● **About this task**
The reply to the records below should contain exactly the lines from the line with "mapHandler/1 -> MATLAB Function/1(mapDebug)" through the line with "plot(j, i, 'o');", and nothing besides.

Segment Start: Extracted data

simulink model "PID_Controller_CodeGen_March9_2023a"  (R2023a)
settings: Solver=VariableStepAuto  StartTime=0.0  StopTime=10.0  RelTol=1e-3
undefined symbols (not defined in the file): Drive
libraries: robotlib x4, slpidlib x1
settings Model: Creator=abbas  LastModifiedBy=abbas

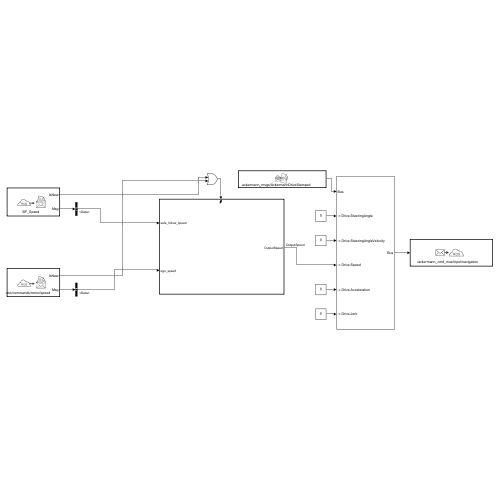
[thumbnail: Simulink's stored preview of the top-level diagram]
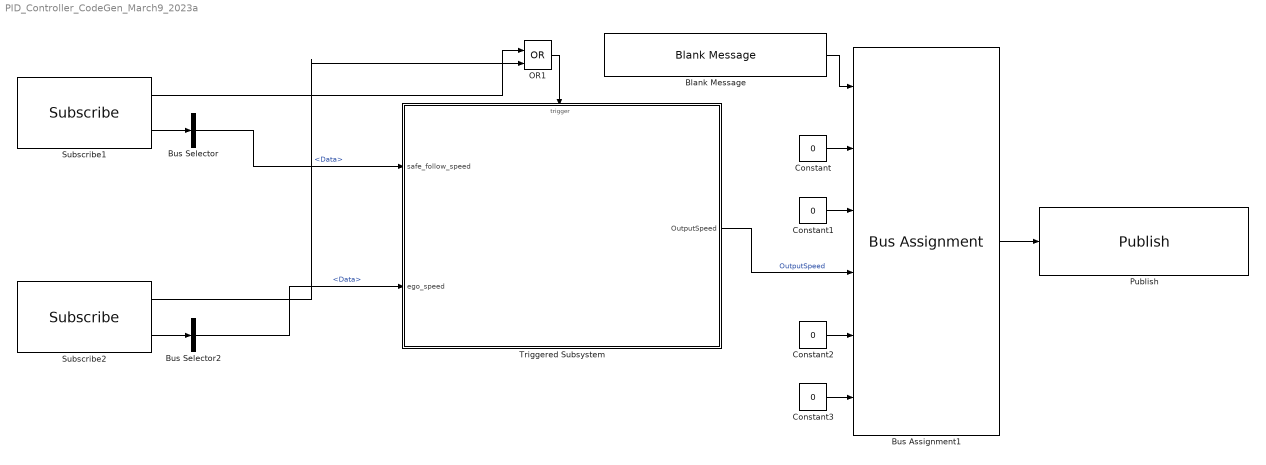
== system PID_Controller_CodeGen_March9_2023a ==
  Blank Message : robotlib/Blank Message  messageClass=Message  entityType=ackermann_msgs/AckermannDriveStamped  messageType=ackermann_msgs/AckermannDriveStamped  SampleTime=inf  legacyBusStruct=off
  Bus Assignment1 : BusAssignment  AssignedSignals=Drive.SteeringAngle,Drive.SteeringAngleVelocity,Drive.Speed,Drive.Acceleration,Drive.Jerk
  Bus Selector : BusSelector  OutputSignals=Data
  Bus Selector2 : BusSelector  OutputSignals=Data
  Constant{,1..3} (4 alike) : Constant  Value=0
  OR1 : Logic  Operator=OR  IconShape=distinctive  AllPortsSameDT=off  OutDataTypeStr=boolean
  Publish : robotlib/Publish  topicSource=Specify your own  topic=/ackermann_cmd_mux/input/navigation  messageType=ackermann_msgs/AckermannDriveStamped  legacyBusStruct=off  messageQueueLength=1
  Subscribe1 : robotlib/Subscribe  topicSource=Specify your own  topic=/SF_Speed  messageType=std_msgs/Float32  SampleTime=-1  legacyBusStruct=off  messageQueueLength=1
  Subscribe2 : robotlib/Subscribe  topicSource=Specify your own  topic=/vesc/commands/motor/speed  messageType=std_msgs/Float64  SampleTime=-1  legacyBusStruct=off  messageQueueLength=1
  Triggered Subsystem : Subsystem  TreatAsAtomicUnit=on
  wires:
  Bus Selector2/1 -> Triggered Subsystem/2(ego_speed)  "<Data>"
  Subscribe2/1 -> OR1/2
  Triggered Subsystem/1(OutputSpeed) -> Bus Assignment1/4  "OutputSpeed"
  Blank Message/1 -> Bus Assignment1/1
  Constant3/1 -> Bus Assignment1/6
  Bus Assignment1/1 -> Publish/1
  Subscribe1/2 -> Bus Selector/1
  Constant2/1 -> Bus Assignment1/5
  Constant1/1 -> Bus Assignment1/3
  Bus Selector/1 -> Triggered Subsystem/1(safe_follow_speed)  "<Data>"
  OR1/1 -> Triggered Subsystem/Trigger
  Subscribe2/2 -> Bus Selector2/1
  Constant/1 -> Bus Assignment1/2
  Subscribe1/1 -> OR1/1

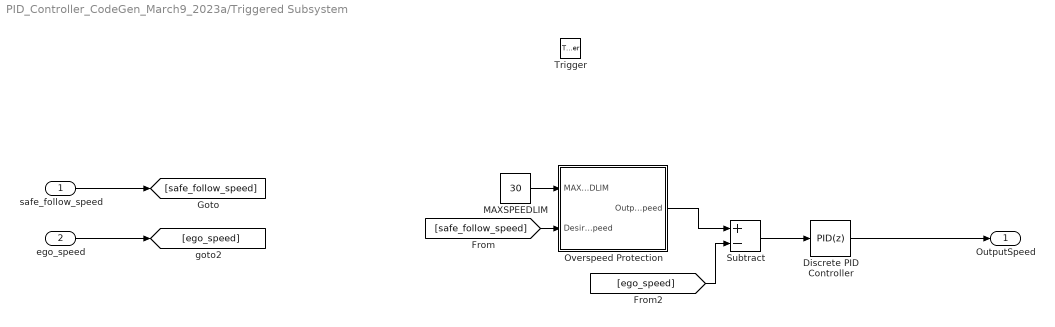
== system PID_Controller_CodeGen_March9_2023a/Triggered Subsystem ==
  safe_follow_speed : Inport
  ego_speed : Inport  Port=2
  Trigger : TriggerPort  VariantControl=(inherit)
  Discrete PID Controller : slpidlib/PID Controller  Controller=PID  Form=Parallel  TimeDomain=Discrete-time  UseExternalTs=off  SampleTime=0.1  IntegratorMethod=Forward Euler  FilterMethod=Forward Euler  ControllerParametersSource=internal  P=1.2  I=1  UseKiTs=on  D=0  N=100  UseFilter=on  TunerSelectOption=Frequency Response Based  InitialConditionSource=internal  InitialConditionForIntegrator=0  InitialConditionForFilter=0  DifferentiatorICPrevScaledInput=0  ExternalReset=none  TrackingMode=off  Kt=1  LimitOutput=off  SatLimitsSource=internal  UpperSaturationLimit=inf  LowerSaturationLimit=-inf  LinearizeAsGain=off  AntiWindupMode=none  Kb=1  LimitIntegrator=off  UpperIntegratorSaturationLimit=inf  LowerIntegratorSaturationLimit=-inf  POutMin=[]  POutMax=[]  IOutMin=[]  IOutMax=[]  DOutMin=[]  DOutMax=[]  NOutMin=[]  NOutMax=[]  SumOutMin=[]  SumOutMax=[]  SaturationOutMin=[]  SaturationOutMax=[]  PParamMin=[]  PParamMax=[]  IParamMin=[]  IParamMax=[]  DParamMin=[]  DParamMax=[]  NParamMin=[]  NParamMax=[]  KbParamMin=[]  KbParamMax=[]  KtParamMin=[]  KtParamMax=[]  KbOutMin=[]  KbOutMax=[]  KtOutMin=[]  KtOutMax=[]  IntegratorOutMin=[]  IntegratorOutMax=[]  FilterOutMin=[]  FilterOutMax=[]  SumI1OutMin=[]  SumI1OutMax=[]  SumI2OutMin=[]  SumI2OutMax=[]  SumI3OutMin=[]  SumI3OutMax=[]  SumI4OutMin=[]  SumI4OutMax=[]  SumDOutMin=[]  SumDOutMax=[]  DifferentiatorOutMin=[]  DifferentiatorOutMax=[]  FilterDiffOutCoefMin=[]  FilterDiffOutCoefMax=[]  ReciprocalOutMin=[]  ReciprocalOutMax=[]  SumDenOutMin=[]  SumDenOutMax=[]  SumNumOutMin=[]  SumNumOutMax=[]  DivideOutMin=[]  DivideOutMax=[]  UdiffTsProdOutMin=[]  UdiffTsProdOutMax=[]  NTsProdOutMin=[]  NTsProdOutMax=[]  UintegralTsProdOutMin=[]  UintegralTsProdOutMax=[]  UngainTsProdOutMin=[]  UngainTsProdOutMax=[]  ClampingZeroOutDataTypeStr=Inherit: Inherit via back propagation  ClampingZeroOutMin=[]  ClampingZeroOutMax=[]  FilterDenConstantOutDataTypeStr=Inherit: Inherit via back propagation  FilterDenConstantOutMin=[]  FilterDenConstantOutMax=[]  PCopyOutDataTypeStr=Inherit: Inherit via back propagation  PCopyOutMin=[]  PCopyOutMax=[]  NCopyOutDataTypeStr=Inherit: Inherit via back propagation  NCopyOutMin=[]  NCopyOutMax=[]  IntegratorContinuousStateAttributes=''  IntegratorStateMustResolveToSignalObject=off  IntegratorRTWStateStorageClass=Auto  FilterContinuousStateAttributes=''  FilterStateMustResolveToSignalObject=off  FilterRTWStateStorageClass=Auto  ParallelPVariant=InternalParameters  IdealPVariant=Disabled  IVariant=InternalParameters  DVariant=InternalParameters  IntegratorVariant=Discrete  SatVariant=Disabled  AWVariant=Passthrough  PCopyVariant=Disabled  TRVariant=Disabled  FdbkBlocksVariant=Forward  IdealPFdbkVariant=Disabled  SatFdbkVariant=Disabled  DerivativeFilterVariant=ForwardEulerFilter  NVariant=InternalParameters  NCopyVariant=Disabled  FilterICVariant=InternalICsFilter  IntegratorICVariant=InternalICs  ExternalResetVariant=Disabled  TRSumVariant=Passthrough  SumFdbkVariant=Disabled  SumVariant=Sum_PID  TsampFilterVariant=InternalTs  TsampNgainVariant=Passthrough  TsampIntegralVariant=Disabled_SignalSpec  ExternalSaturationOutDataTypeStr=Inherit: Same as second input
      settings: LibrarySourceBlock=simulink/Discrete/Discrete PID Controller
  MAXSPEEDLIM : Constant  Value=30
  Overspeed Protection : MATLAB Function  TreatAsAtomicUnit=on
  Subtract : Sum  Inputs=+-
  OutputSpeed : Outport
  wires:
  Discrete PID Controller/1 -> OutputSpeed/1
  Subtract/1 -> Discrete PID Controller/1
  safe_follow_speed/1 -> [safe_follow_speed]
  MAXSPEEDLIM/1 -> Overspeed Protection/1(MAXSPEEDLIM)
  Overspeed Protection/1(Output_Speed) -> Subtract/1
  [safe_follow_speed] -> Overspeed Protection/2(DesiredSpeed)
  ego_speed/1 -> [ego_speed]
  [ego_speed] -> Subtract/2

== matlab function PID_Controller_CodeGen_March9_2023a/Triggered Subsystem/Overspeed Protection ==
  data: MAXSPEEDLIM input; Output_Speed output; DesiredSpeed input
function Output_Speed  = fcn(MAXSPEEDLIM, DesiredSpeed)

if DesiredSpeed >= MAXSPEEDLIM
    Output_Speed = MAXSPEEDLIM;
elseif DesiredSpeed < 0
    Output_Speed = 0;
else 
    Output_Speed = DesiredSpeed;

end
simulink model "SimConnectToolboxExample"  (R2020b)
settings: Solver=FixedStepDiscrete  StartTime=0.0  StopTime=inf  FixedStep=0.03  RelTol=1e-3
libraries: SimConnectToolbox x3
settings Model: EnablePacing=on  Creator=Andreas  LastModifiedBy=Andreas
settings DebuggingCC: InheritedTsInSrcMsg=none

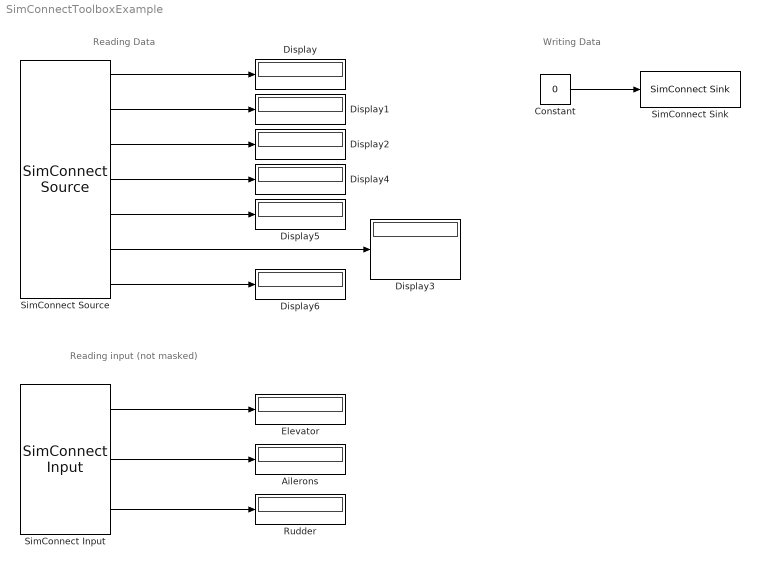
== system SimConnectToolboxExample ==
  note: Reading input (not masked)
  note: Reading Data
  note: Writing Data
  Ailerons : Display
  Constant : Constant  Value=0
  Display{,1..6} (7 alike) : Display
  Elevator : Display
  Rudder : Display
  SimConnect Input : SimConnectToolbox/SimConnect Input  configurationIndex=0  connectionName=SimConnectInput  variables=|
      | AXIS_ELEVATOR_SET, FALSE;
      | AXIS_AILERONS_SET, FALSE;
      | AXIS_RUDDER_SET, FALSE;
      settings: SourceProductName=SimConnect Toolbox
      mask Display:
      | % This is a new mask on top of the base mask.
      | % Use "View base mask" link below to see the base mask.
      | port_label('output', 1, '\delta_\eta', 'texmode', 'on')
      | port_label('output', 2, '\delta_\xi', 'texmode', 'on')
      | port_label('output', 3, '\delta_\zeta', 'texmode', 'on')
  SimConnect Sink : SimConnectToolbox/SimConnect Sink  configurationIndex=0  connectionName=SimConnectSink  variables=RUDDER TRIM PCT, Percent Over 100;
      settings: SourceProductName=SimConnect Toolbox
      mask Display:
      | % This is a new mask on top of the base mask.
      | % Use "View base mask" link below to see the base mask.
      | port_label('input', 1, 'Rudder Trim', 'texmode', 'on')
  SimConnect Source : SimConnectToolbox/SimConnect Source  configurationIndex=0  connectionName=SimConnectSource  variables=|
      | G FORCE, GFORCE;
      | PLANE PITCH DEGREES, RADIANS;
      | PLANE BANK DEGREES, RADIANS;
      | AIRSPEED INDICATED, KNOTS;
      | PLANE ALTITUDE, FEET;
      | STRUCT WORLD ROTATION VELOCITY, STRUCT;
      | LIGHT STROBE ON, BOOL;
      settings: SourceProductName=SimConnect Toolbox
      mask Display:
      | % This is a new mask on top of the base mask.
      | % Use "View base mask" link below to see the base mask.
      | port_label('output', 1, 'g', 'texmode', 'on')
      | port_label('output', 2, '\Theta (rad)', 'texmode', 'on')
      | port_label('output', 3, '\Phi (rad)', 'texmode', 'on')
      | port_label('output', 4, 'IAS (kts)', 'texmode', 'on')
      | port_label('output', 5, 'Alt (ft)', 'texmode', 'on')
      | port_label('output', 6, 'World R-Velocity', 'texmode', 'on')
      | port_label('output', 7, 'Strobe-Light On', 'texmode', 'on')
  wires:
  Constant/1 -> SimConnect Sink/1
  SimConnect Source/1 -> Display/1
  SimConnect Source/2 -> Display1/1
  SimConnect Source/3 -> Display2/1
  SimConnect Source/6 -> Display3/1
  SimConnect Input/1 -> Elevator/1
  SimConnect Input/2 -> Ailerons/1
  SimConnect Input/3 -> Rudder/1
  SimConnect Source/4 -> Display4/1
  SimConnect Source/5 -> Display5/1
  SimConnect Source/7 -> Display6/1
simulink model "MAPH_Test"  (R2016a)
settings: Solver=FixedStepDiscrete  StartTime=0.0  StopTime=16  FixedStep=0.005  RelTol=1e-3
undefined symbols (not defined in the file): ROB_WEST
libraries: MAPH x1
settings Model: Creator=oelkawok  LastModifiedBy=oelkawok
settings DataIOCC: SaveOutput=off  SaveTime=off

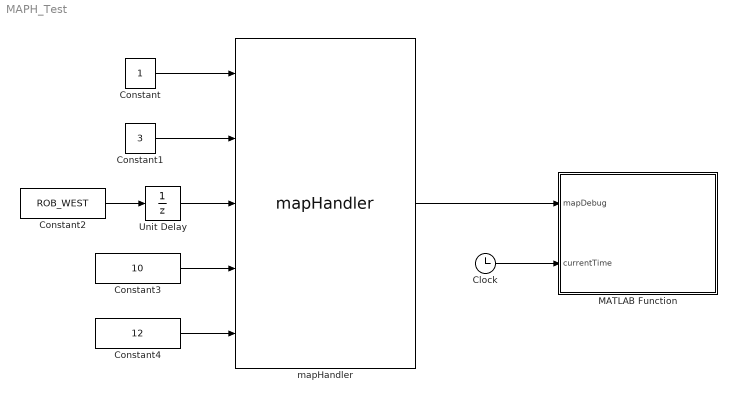
== system MAPH_Test ==
  Clock : Clock
  Constant : Constant
  Constant1 : Constant  Value=3
  Constant2 : Constant  Value=ROB_WEST
  Constant3 : Constant  Value=10
  Constant4 : Constant  Value=12
  MATLAB Function : MATLAB Function  TreatAsAtomicUnit=on
  Unit Delay : UnitDelay  InitialCondition=-2  SampleTime=-1
  mapHandler : MAPH/mapHandler
  wires:
  Constant/1 -> mapHandler/1
  Constant1/1 -> mapHandler/2
  Constant2/1 -> Unit Delay/1
  Constant4/1 -> mapHandler/5
  Constant3/1 -> mapHandler/4
  Unit Delay/1 -> mapHandler/3
  mapHandler/1 -> MATLAB Function/1(mapDebug)
  Clock/1 -> MATLAB Function/2(currentTime)

== matlab function MAPH_Test/MATLAB Function ==
  data: mapDebug input; currentTime input
function fcn(mapDebug, currentTime)
%#codegen

if(currentTime >= 10)
    mapX = mapDebug;
    hold off;
    clf
    empty = 3;
    uncovered = 1;
    busy = 4;
    hold on
    for i = 1:length(mapDebug(1, :))
        for j = 1:length(mapDebug(1, :))
            if mapDebug(j, i) == empty
                plot(j, i, '*');
            else if mapDebug(j,i) == busy
                    plot(j, i, 'o');
                else if mapDebug(j,i) == uncovered
                        plot(j, i, '.');
                    else
                        plot(j, i, 'x');
                    end
                end
            end
            
        end
    end
    axis ij
    hold off;
end

Segment End: Extracted data

● **Task output**
  mapHandler/1 -> MATLAB Function/1(mapDebug)
  Clock/1 -> MATLAB Function/2(currentTime)

== matlab function MAPH_Test/MATLAB Function ==
  data: mapDebug input; currentTime input
function fcn(mapDebug, currentTime)
%#codegen

if(currentTime >= 10)
    mapX = mapDebug;
    hold off;
    clf
    empty = 3;
    uncovered = 1;
    busy = 4;
    hold on
    for i = 1:length(mapDebug(1, :))
        for j = 1:length(mapDebug(1, :))
            if mapDebug(j, i) == empty
                plot(j, i, '*');
            else if mapDebug(j,i) == busy
                    plot(j, i, 'o');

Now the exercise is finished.